A cute name for a sneaky attack that can take down a website!
A slow loris is a tiny, fuzzy primate with adorable giant eyes — and venomous saliva! Like its namesake, the Slowloris attack is slow and sneaky, with a nasty bite. It’s one of many kinds of denial-of-service (DoS) attacks.
WHAT’S A DENIAL-OF-SERVICE ATTACK?
A traditional DoS attack shuts down a server by spamming it with so much data that the server crashes, or becomes too overwhelmed to respond to legitimate clients. Picture the server as a fast-food restaurant: people line up, order food, and leave. Some sit down at tables to enjoy their meal while others take it to go. When you visit a website, you’re placing an order. You request data and the server asks you questions in a back and forth conversation until you finish your requests.
Like a restaurant, a server has limited capacity. In this case, the precious resource is bandwidth, the amount of data that can be sent per second. Every internet connection, including your own, comes with its own limited bandwidth, which is why it takes longer to download large videos than small text webpages. Often, you can pay extra money to upgrade your bandwidth, so companies with commercial servers buy enough to deal with a typical amount of website traffic.

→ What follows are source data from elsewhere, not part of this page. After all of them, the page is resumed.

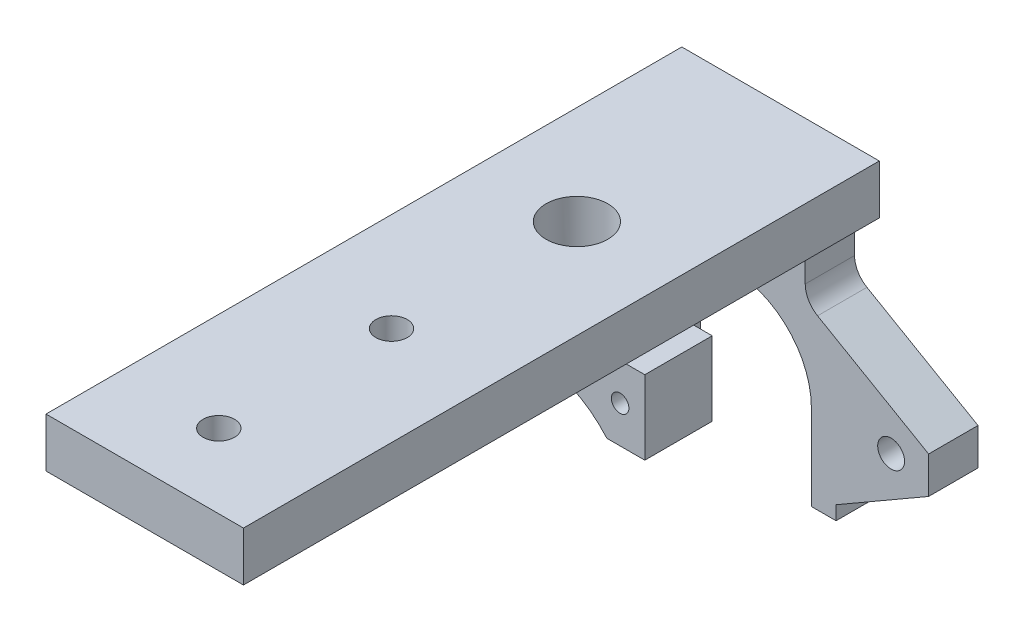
ISO-10303-21;
HEADER;
FILE_DESCRIPTION(('STEP AP214'),'2;1');
FILE_NAME('part.step','',(''),(''),'','','');
FILE_SCHEMA(('AUTOMOTIVE_DESIGN { 1 0 10303 214 1 1 1 1 }'));
ENDSEC;
DATA;
#1=APPLICATION_CONTEXT('core data for automotive mechanical design processes');
#2=APPLICATION_PROTOCOL_DEFINITION('international standard','automotive_design',2000,#1);
#3=PRODUCT_CONTEXT('',#1,'mechanical');
#4=PRODUCT('Part','Part','',(#3));
#5=PRODUCT_RELATED_PRODUCT_CATEGORY('part','',(#4));
#6=PRODUCT_DEFINITION_FORMATION('','',#4);
#7=PRODUCT_DEFINITION_CONTEXT('part definition',#1,'design');
#8=PRODUCT_DEFINITION('design','',#6,#7);
#9=PRODUCT_DEFINITION_SHAPE('','',#8);
#10=(LENGTH_UNIT() NAMED_UNIT(*) SI_UNIT(.MILLI.,.METRE.));
#11=(NAMED_UNIT(*) PLANE_ANGLE_UNIT() SI_UNIT($,.RADIAN.));
#12=(NAMED_UNIT(*) SI_UNIT($,.STERADIAN.) SOLID_ANGLE_UNIT());
#13=UNCERTAINTY_MEASURE_WITH_UNIT(LENGTH_MEASURE(1.E-05),#10,'distance_accuracy_value','');
#14=(GEOMETRIC_REPRESENTATION_CONTEXT(3) GLOBAL_UNCERTAINTY_ASSIGNED_CONTEXT((#13)) GLOBAL_UNIT_ASSIGNED_CONTEXT((#10,
#11,#12)) REPRESENTATION_CONTEXT('',''));
#15=CARTESIAN_POINT('',(0.,0.,0.));
#16=DIRECTION('',(0.,0.,1.));
#17=DIRECTION('',(1.,0.,0.));
#18=AXIS2_PLACEMENT_3D('',#15,#16,#17);
#19=CARTESIAN_POINT('',(25.4,0.,0.));
#20=DIRECTION('',(0.,0.,1.));
#21=DIRECTION('',(0.,-1.,0.));
#22=AXIS2_PLACEMENT_3D('',#19,#20,#21);
#23=PLANE('',#22);
#24=CARTESIAN_POINT('',(20.5739960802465,-25.4889,0.));
#25=DIRECTION('',(0.,0.,-1.));
#26=DIRECTION('',(0.,1.,0.));
#27=AXIS2_PLACEMENT_3D('',#24,#25,#26);
#28=CIRCLE('',#27,1.72719999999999);
#29=CARTESIAN_POINT('',(20.5739960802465,-23.7617,0.));
#30=VERTEX_POINT('',#29);
#31=EDGE_CURVE('E557',#30,#30,#28,.T.);
#32=ORIENTED_EDGE('',*,*,#31,.F.);
#33=EDGE_LOOP('',(#32));
#34=FACE_BOUND('',#33,.T.);
#35=CARTESIAN_POINT('',(-20.5740039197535,-25.4889,0.));
#36=DIRECTION('',(0.,0.,-1.));
#37=DIRECTION('',(0.,1.,0.));
#38=AXIS2_PLACEMENT_3D('',#35,#36,#37);
#39=CIRCLE('',#38,1.72719999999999);
#40=CARTESIAN_POINT('',(-20.5740039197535,-23.7617,0.));
#41=VERTEX_POINT('',#40);
#42=EDGE_CURVE('E560',#41,#41,#39,.T.);
#43=ORIENTED_EDGE('',*,*,#42,.F.);
#44=EDGE_LOOP('',(#43));
#45=FACE_BOUND('',#44,.T.);
#46=DIRECTION('',(-0.866025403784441,0.499999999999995,0.));
#47=VECTOR('',#46,1.);
#48=CARTESIAN_POINT('',(-25.4,-27.8511,0.));
#49=LINE('',#48,#47);
#50=CARTESIAN_POINT('',(-13.49375,-34.7251766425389,0.));
#51=VERTEX_POINT('',#50);
#52=CARTESIAN_POINT('',(-25.4,-27.8511,0.));
#53=VERTEX_POINT('',#52);
#54=EDGE_CURVE('E266',#51,#53,#49,.T.);
#55=ORIENTED_EDGE('',*,*,#54,.T.);
#56=DIRECTION('',(0.,1.,0.));
#57=VECTOR('',#56,1.);
#58=CARTESIAN_POINT('',(-25.4,0.,0.));
#59=LINE('',#58,#57);
#60=CARTESIAN_POINT('',(-25.4,-23.1174572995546,0.));
#61=VERTEX_POINT('',#60);
#62=EDGE_CURVE('E274',#53,#61,#59,.T.);
#63=ORIENTED_EDGE('',*,*,#62,.T.);
#64=DIRECTION('',(0.866025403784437,0.500000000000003,0.));
#65=VECTOR('',#64,1.);
#66=CARTESIAN_POINT('',(-25.4,-23.1174572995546,0.));
#67=LINE('',#66,#65);
#68=CARTESIAN_POINT('',(-11.1125,-14.8685653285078,0.));
#69=VERTEX_POINT('',#68);
#70=EDGE_CURVE('E390',#61,#69,#67,.T.);
#71=ORIENTED_EDGE('',*,*,#70,.T.);
#72=CARTESIAN_POINT('',(-12.7,-12.1189346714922,0.));
#73=DIRECTION('',(0.,0.,1.));
#74=DIRECTION('',(1.,0.,0.));
#75=AXIS2_PLACEMENT_3D('',#72,#73,#74);
#76=CIRCLE('',#75,3.17500000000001);
#77=CARTESIAN_POINT('',(-9.525,-12.1189346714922,0.));
#78=VERTEX_POINT('',#77);
#79=EDGE_CURVE('E393',#69,#78,#76,.T.);
#80=ORIENTED_EDGE('',*,*,#79,.T.);
#81=DIRECTION('',(0.,1.,0.));
#82=VECTOR('',#81,1.);
#83=CARTESIAN_POINT('',(-9.52500000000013,-9.525,0.));
#84=LINE('',#83,#82);
#85=CARTESIAN_POINT('',(-9.52500000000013,-9.525,0.));
#86=VERTEX_POINT('',#85);
#87=EDGE_CURVE('E396',#78,#86,#84,.T.);
#88=ORIENTED_EDGE('',*,*,#87,.T.);
#89=CARTESIAN_POINT('',(-12.7000000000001,-9.525,0.));
#90=DIRECTION('',(0.,0.,1.));
#91=DIRECTION('',(1.,0.,0.));
#92=AXIS2_PLACEMENT_3D('',#89,#90,#91);
#93=CIRCLE('',#92,3.175);
#94=CARTESIAN_POINT('',(-12.7,-6.35,0.));
#95=VERTEX_POINT('',#94);
#96=EDGE_CURVE('E399',#86,#95,#93,.T.);
#97=ORIENTED_EDGE('',*,*,#96,.T.);
#98=DIRECTION('',(0.,1.,0.));
#99=VECTOR('',#98,1.);
#100=CARTESIAN_POINT('',(-12.7,0.,0.));
#101=LINE('',#100,#99);
#102=CARTESIAN_POINT('',(-12.7,0.,0.));
#103=VERTEX_POINT('',#102);
#104=EDGE_CURVE('E402',#95,#103,#101,.T.);
#105=ORIENTED_EDGE('',*,*,#104,.T.);
#106=DIRECTION('',(-1.,0.,0.));
#107=VECTOR('',#106,1.);
#108=CARTESIAN_POINT('',(25.4,0.,0.));
#109=LINE('',#108,#107);
#110=CARTESIAN_POINT('',(12.7,0.,0.));
#111=VERTEX_POINT('',#110);
#112=EDGE_CURVE('E11',#111,#103,#109,.T.);
#113=ORIENTED_EDGE('',*,*,#112,.F.);
#114=DIRECTION('',(0.,-1.,0.));
#115=VECTOR('',#114,1.);
#116=CARTESIAN_POINT('',(12.7,0.,0.));
#117=LINE('',#116,#115);
#118=CARTESIAN_POINT('',(12.7,-6.35,0.));
#119=VERTEX_POINT('',#118);
#120=EDGE_CURVE('E442',#111,#119,#117,.T.);
#121=ORIENTED_EDGE('',*,*,#120,.T.);
#122=CARTESIAN_POINT('',(12.7000000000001,-9.525,0.));
#123=DIRECTION('',(0.,0.,1.));
#124=DIRECTION('',(-1.,0.,0.));
#125=AXIS2_PLACEMENT_3D('',#122,#123,#124);
#126=CIRCLE('',#125,3.175);
#127=CARTESIAN_POINT('',(9.52500000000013,-9.525,0.));
#128=VERTEX_POINT('',#127);
#129=EDGE_CURVE('E445',#119,#128,#126,.T.);
#130=ORIENTED_EDGE('',*,*,#129,.T.);
#131=DIRECTION('',(0.,-1.,0.));
#132=VECTOR('',#131,1.);
#133=CARTESIAN_POINT('',(9.52500000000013,-9.525,0.));
#134=LINE('',#133,#132);
#135=CARTESIAN_POINT('',(9.52500000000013,-12.1189346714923,0.));
#136=VERTEX_POINT('',#135);
#137=EDGE_CURVE('E448',#128,#136,#134,.T.);
#138=ORIENTED_EDGE('',*,*,#137,.T.);
#139=CARTESIAN_POINT('',(12.7,-12.1189346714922,0.));
#140=DIRECTION('',(0.,0.,1.));
#141=DIRECTION('',(-1.,0.,0.));
#142=AXIS2_PLACEMENT_3D('',#139,#140,#141);
#143=CIRCLE('',#142,3.17499999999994);
#144=CARTESIAN_POINT('',(11.1125000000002,-14.8685653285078,0.));
#145=VERTEX_POINT('',#144);
#146=EDGE_CURVE('E451',#136,#145,#143,.T.);
#147=ORIENTED_EDGE('',*,*,#146,.T.);
#148=DIRECTION('',(0.866025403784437,-0.500000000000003,0.));
#149=VECTOR('',#148,1.);
#150=CARTESIAN_POINT('',(25.4,-23.1174572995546,0.));
#151=LINE('',#150,#149);
#152=CARTESIAN_POINT('',(25.4,-23.1174572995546,0.));
#153=VERTEX_POINT('',#152);
#154=EDGE_CURVE('E454',#145,#153,#151,.T.);
#155=ORIENTED_EDGE('',*,*,#154,.T.);
#156=DIRECTION('',(0.,1.,0.));
#157=VECTOR('',#156,1.);
#158=CARTESIAN_POINT('',(25.4,0.,0.));
#159=LINE('',#158,#157);
#160=CARTESIAN_POINT('',(25.4,-27.8511,0.));
#161=VERTEX_POINT('',#160);
#162=EDGE_CURVE('E282',#161,#153,#159,.T.);
#163=ORIENTED_EDGE('',*,*,#162,.F.);
#164=DIRECTION('',(-0.866025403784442,-0.499999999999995,0.));
#165=VECTOR('',#164,1.);
#166=CARTESIAN_POINT('',(25.4,-27.8511,0.));
#167=LINE('',#166,#165);
#168=CARTESIAN_POINT('',(13.49375,-34.7251766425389,0.));
#169=VERTEX_POINT('',#168);
#170=EDGE_CURVE('E418',#161,#169,#167,.T.);
#171=ORIENTED_EDGE('',*,*,#170,.T.);
#172=DIRECTION('',(0.,-1.,0.));
#173=VECTOR('',#172,1.);
#174=CARTESIAN_POINT('',(13.49375,-34.7251766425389,0.));
#175=LINE('',#174,#173);
#176=CARTESIAN_POINT('',(13.49375,-36.5125,0.));
#177=VERTEX_POINT('',#176);
#178=EDGE_CURVE('E421',#169,#177,#175,.T.);
#179=ORIENTED_EDGE('',*,*,#178,.T.);
#180=DIRECTION('',(-1.,0.,0.));
#181=VECTOR('',#180,1.);
#182=CARTESIAN_POINT('',(25.4,-36.5125,0.));
#183=LINE('',#182,#181);
#184=CARTESIAN_POINT('',(10.31875,-36.5125,0.));
#185=VERTEX_POINT('',#184);
#186=EDGE_CURVE('E290',#177,#185,#183,.T.);
#187=ORIENTED_EDGE('',*,*,#186,.T.);
#188=DIRECTION('',(0.,-1.,0.));
#189=VECTOR('',#188,1.);
#190=CARTESIAN_POINT('',(10.31875,-25.5016,0.));
#191=LINE('',#190,#189);
#192=CARTESIAN_POINT('',(10.31875,-25.5016,0.));
#193=VERTEX_POINT('',#192);
#194=EDGE_CURVE('E350',#193,#185,#191,.T.);
#195=ORIENTED_EDGE('',*,*,#194,.F.);
#196=CARTESIAN_POINT('',(0.,-25.5016,0.));
#197=DIRECTION('',(0.,0.,-1.));
#198=DIRECTION('',(0.,1.,0.));
#199=AXIS2_PLACEMENT_3D('',#196,#197,#198);
#200=CIRCLE('',#199,10.31875);
#201=CARTESIAN_POINT('',(-10.31875,-25.5016,0.));
#202=VERTEX_POINT('',#201);
#203=EDGE_CURVE('E347',#202,#193,#200,.T.);
#204=ORIENTED_EDGE('',*,*,#203,.F.);
#205=DIRECTION('',(0.,1.,0.));
#206=VECTOR('',#205,1.);
#207=CARTESIAN_POINT('',(-10.31875,-25.5016,0.));
#208=LINE('',#207,#206);
#209=CARTESIAN_POINT('',(-10.31875,-36.5125,0.));
#210=VERTEX_POINT('',#209);
#211=EDGE_CURVE('E353',#210,#202,#208,.T.);
#212=ORIENTED_EDGE('',*,*,#211,.F.);
#213=CARTESIAN_POINT('',(-13.49375,-36.5125,0.));
#214=VERTEX_POINT('',#213);
#215=EDGE_CURVE('E293',#210,#214,#183,.T.);
#216=ORIENTED_EDGE('',*,*,#215,.T.);
#217=DIRECTION('',(0.,1.,0.));
#218=VECTOR('',#217,1.);
#219=CARTESIAN_POINT('',(-13.49375,-34.7251766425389,0.));
#220=LINE('',#219,#218);
#221=EDGE_CURVE('E55',#214,#51,#220,.T.);
#222=ORIENTED_EDGE('',*,*,#221,.T.);
#223=EDGE_LOOP('',(#55,#63,#71,#80,#88,#97,#105,#113,#121,#130,#138,#147,#155,#163,#171,#179,
#187,#195,#204,#212,#216,#222));
#224=FACE_BOUND('',#223,.T.);
#225=ADVANCED_FACE('F41',(#34,#45,#224),#23,.F.);
#226=CARTESIAN_POINT('',(25.4,-6.35,6.35));
#227=DIRECTION('',(0.,0.,-1.));
#228=DIRECTION('',(0.,1.,0.));
#229=AXIS2_PLACEMENT_3D('',#226,#227,#228);
#230=PLANE('',#229);
#231=CARTESIAN_POINT('',(20.5739960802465,-25.4889,6.35));
#232=DIRECTION('',(0.,0.,-1.));
#233=DIRECTION('',(0.,1.,0.));
#234=AXIS2_PLACEMENT_3D('',#231,#232,#233);
#235=CIRCLE('',#234,1.72719999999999);
#236=CARTESIAN_POINT('',(20.5739960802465,-23.7617,6.35));
#237=VERTEX_POINT('',#236);
#238=EDGE_CURVE('E563',#237,#237,#235,.T.);
#239=ORIENTED_EDGE('',*,*,#238,.T.);
#240=EDGE_LOOP('',(#239));
#241=FACE_BOUND('',#240,.T.);
#242=CARTESIAN_POINT('',(-20.5740039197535,-25.4889,6.35));
#243=DIRECTION('',(0.,0.,-1.));
#244=DIRECTION('',(0.,1.,0.));
#245=AXIS2_PLACEMENT_3D('',#242,#243,#244);
#246=CIRCLE('',#245,1.72719999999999);
#247=CARTESIAN_POINT('',(-20.5740039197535,-23.7617,6.35));
#248=VERTEX_POINT('',#247);
#249=EDGE_CURVE('E562',#248,#248,#246,.T.);
#250=ORIENTED_EDGE('',*,*,#249,.T.);
#251=EDGE_LOOP('',(#250));
#252=FACE_BOUND('',#251,.T.);
#253=DIRECTION('',(0.866025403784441,-0.499999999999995,0.));
#254=VECTOR('',#253,1.);
#255=CARTESIAN_POINT('',(-25.4,-27.8511,6.34999999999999));
#256=LINE('',#255,#254);
#257=CARTESIAN_POINT('',(-25.4,-27.8511,6.35));
#258=VERTEX_POINT('',#257);
#259=CARTESIAN_POINT('',(-13.49375,-34.7251766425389,6.34999999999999));
#260=VERTEX_POINT('',#259);
#261=EDGE_CURVE('E256',#258,#260,#256,.T.);
#262=ORIENTED_EDGE('',*,*,#261,.T.);
#263=DIRECTION('',(0.,-1.,0.));
#264=VECTOR('',#263,1.);
#265=CARTESIAN_POINT('',(-13.49375,-34.7251766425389,6.34999999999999));
#266=LINE('',#265,#264);
#267=CARTESIAN_POINT('',(-13.49375,-36.5125,6.34999999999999));
#268=VERTEX_POINT('',#267);
#269=EDGE_CURVE('E275',#260,#268,#266,.T.);
#270=ORIENTED_EDGE('',*,*,#269,.T.);
#271=DIRECTION('',(-1.,0.,0.));
#272=VECTOR('',#271,1.);
#273=CARTESIAN_POINT('',(25.4,-36.5125,6.35));
#274=LINE('',#273,#272);
#275=CARTESIAN_POINT('',(-10.31875,-36.5125,6.34999999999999));
#276=VERTEX_POINT('',#275);
#277=EDGE_CURVE('E292',#276,#268,#274,.T.);
#278=ORIENTED_EDGE('',*,*,#277,.F.);
#279=DIRECTION('',(0.,-1.,0.));
#280=VECTOR('',#279,1.);
#281=CARTESIAN_POINT('',(-10.31875,-25.5016,6.34999999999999));
#282=LINE('',#281,#280);
#283=CARTESIAN_POINT('',(-10.31875,-25.5016,6.34999999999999));
#284=VERTEX_POINT('',#283);
#285=EDGE_CURVE('E345',#284,#276,#282,.T.);
#286=ORIENTED_EDGE('',*,*,#285,.F.);
#287=CARTESIAN_POINT('',(0.,-25.5016,6.34999999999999));
#288=DIRECTION('',(0.,0.,-1.));
#289=DIRECTION('',(0.,1.,0.));
#290=AXIS2_PLACEMENT_3D('',#287,#288,#289);
#291=CIRCLE('',#290,10.31875);
#292=CARTESIAN_POINT('',(10.31875,-25.5016,6.34999999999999));
#293=VERTEX_POINT('',#292);
#294=EDGE_CURVE('E342',#293,#284,#291,.F.);
#295=ORIENTED_EDGE('',*,*,#294,.F.);
#296=DIRECTION('',(0.,1.,0.));
#297=VECTOR('',#296,1.);
#298=CARTESIAN_POINT('',(10.31875,-25.5016,6.34999999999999));
#299=LINE('',#298,#297);
#300=CARTESIAN_POINT('',(10.31875,-36.5125,6.34999999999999));
#301=VERTEX_POINT('',#300);
#302=EDGE_CURVE('E286',#301,#293,#299,.T.);
#303=ORIENTED_EDGE('',*,*,#302,.F.);
#304=CARTESIAN_POINT('',(13.49375,-36.5125,6.35));
#305=VERTEX_POINT('',#304);
#306=EDGE_CURVE('E294',#305,#301,#274,.T.);
#307=ORIENTED_EDGE('',*,*,#306,.F.);
#308=DIRECTION('',(0.,1.,0.));
#309=VECTOR('',#308,1.);
#310=CARTESIAN_POINT('',(13.49375,-34.7251766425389,6.34999999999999));
#311=LINE('',#310,#309);
#312=CARTESIAN_POINT('',(13.49375,-34.7251766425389,6.34999999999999));
#313=VERTEX_POINT('',#312);
#314=EDGE_CURVE('E63',#305,#313,#311,.T.);
#315=ORIENTED_EDGE('',*,*,#314,.T.);
#316=DIRECTION('',(0.866025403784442,0.499999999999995,0.));
#317=VECTOR('',#316,1.);
#318=CARTESIAN_POINT('',(25.4,-27.8511,6.34999999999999));
#319=LINE('',#318,#317);
#320=CARTESIAN_POINT('',(25.4,-27.8511,6.35));
#321=VERTEX_POINT('',#320);
#322=EDGE_CURVE('E415',#313,#321,#319,.T.);
#323=ORIENTED_EDGE('',*,*,#322,.T.);
#324=DIRECTION('',(0.,-1.,0.));
#325=VECTOR('',#324,1.);
#326=CARTESIAN_POINT('',(25.4,-6.35,6.35));
#327=LINE('',#326,#325);
#328=CARTESIAN_POINT('',(25.4,-23.1174572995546,6.34999999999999));
#329=VERTEX_POINT('',#328);
#330=EDGE_CURVE('E284',#329,#321,#327,.T.);
#331=ORIENTED_EDGE('',*,*,#330,.F.);
#332=DIRECTION('',(-0.866025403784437,0.500000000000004,0.));
#333=VECTOR('',#332,1.);
#334=CARTESIAN_POINT('',(25.4,-23.1174572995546,6.34999999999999));
#335=LINE('',#334,#333);
#336=CARTESIAN_POINT('',(11.1125000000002,-14.8685653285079,6.35));
#337=VERTEX_POINT('',#336);
#338=EDGE_CURVE('E430',#329,#337,#335,.T.);
#339=ORIENTED_EDGE('',*,*,#338,.T.);
#340=CARTESIAN_POINT('',(12.7,-12.1189346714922,6.34999999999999));
#341=DIRECTION('',(0.,0.,-1.));
#342=DIRECTION('',(0.,1.,0.));
#343=AXIS2_PLACEMENT_3D('',#340,#341,#342);
#344=CIRCLE('',#343,3.17499999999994);
#345=CARTESIAN_POINT('',(9.52500000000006,-12.1189346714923,6.34999999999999));
#346=VERTEX_POINT('',#345);
#347=EDGE_CURVE('E433',#337,#346,#344,.T.);
#348=ORIENTED_EDGE('',*,*,#347,.T.);
#349=DIRECTION('',(0.,1.,0.));
#350=VECTOR('',#349,1.);
#351=CARTESIAN_POINT('',(9.52500000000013,-9.52499999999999,6.34999999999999));
#352=LINE('',#351,#350);
#353=CARTESIAN_POINT('',(9.52500000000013,-9.525,6.34999999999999));
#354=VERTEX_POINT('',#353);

Now let’s say you’re a hacker, and one of your rivals owns a burger joint. You want your rival to suffer, so you create a horde of fake clients and send them to the restaurant. Your goons place fake order after fake order — not paying for anything, obviously! — and take up all the space in the restaurant so that real customers can’t get in. The restaurant gets so cluttered and messy that it has to temporarily shut down.
Congrats — you just “DoSed” your rival.
Obviously, it’s easier to overwhelm a small mom & pop shop than a giant chain restaurant. Your capacity to do DoS attack is also limited by your bandwidth, the number of fake clients and requests you can make.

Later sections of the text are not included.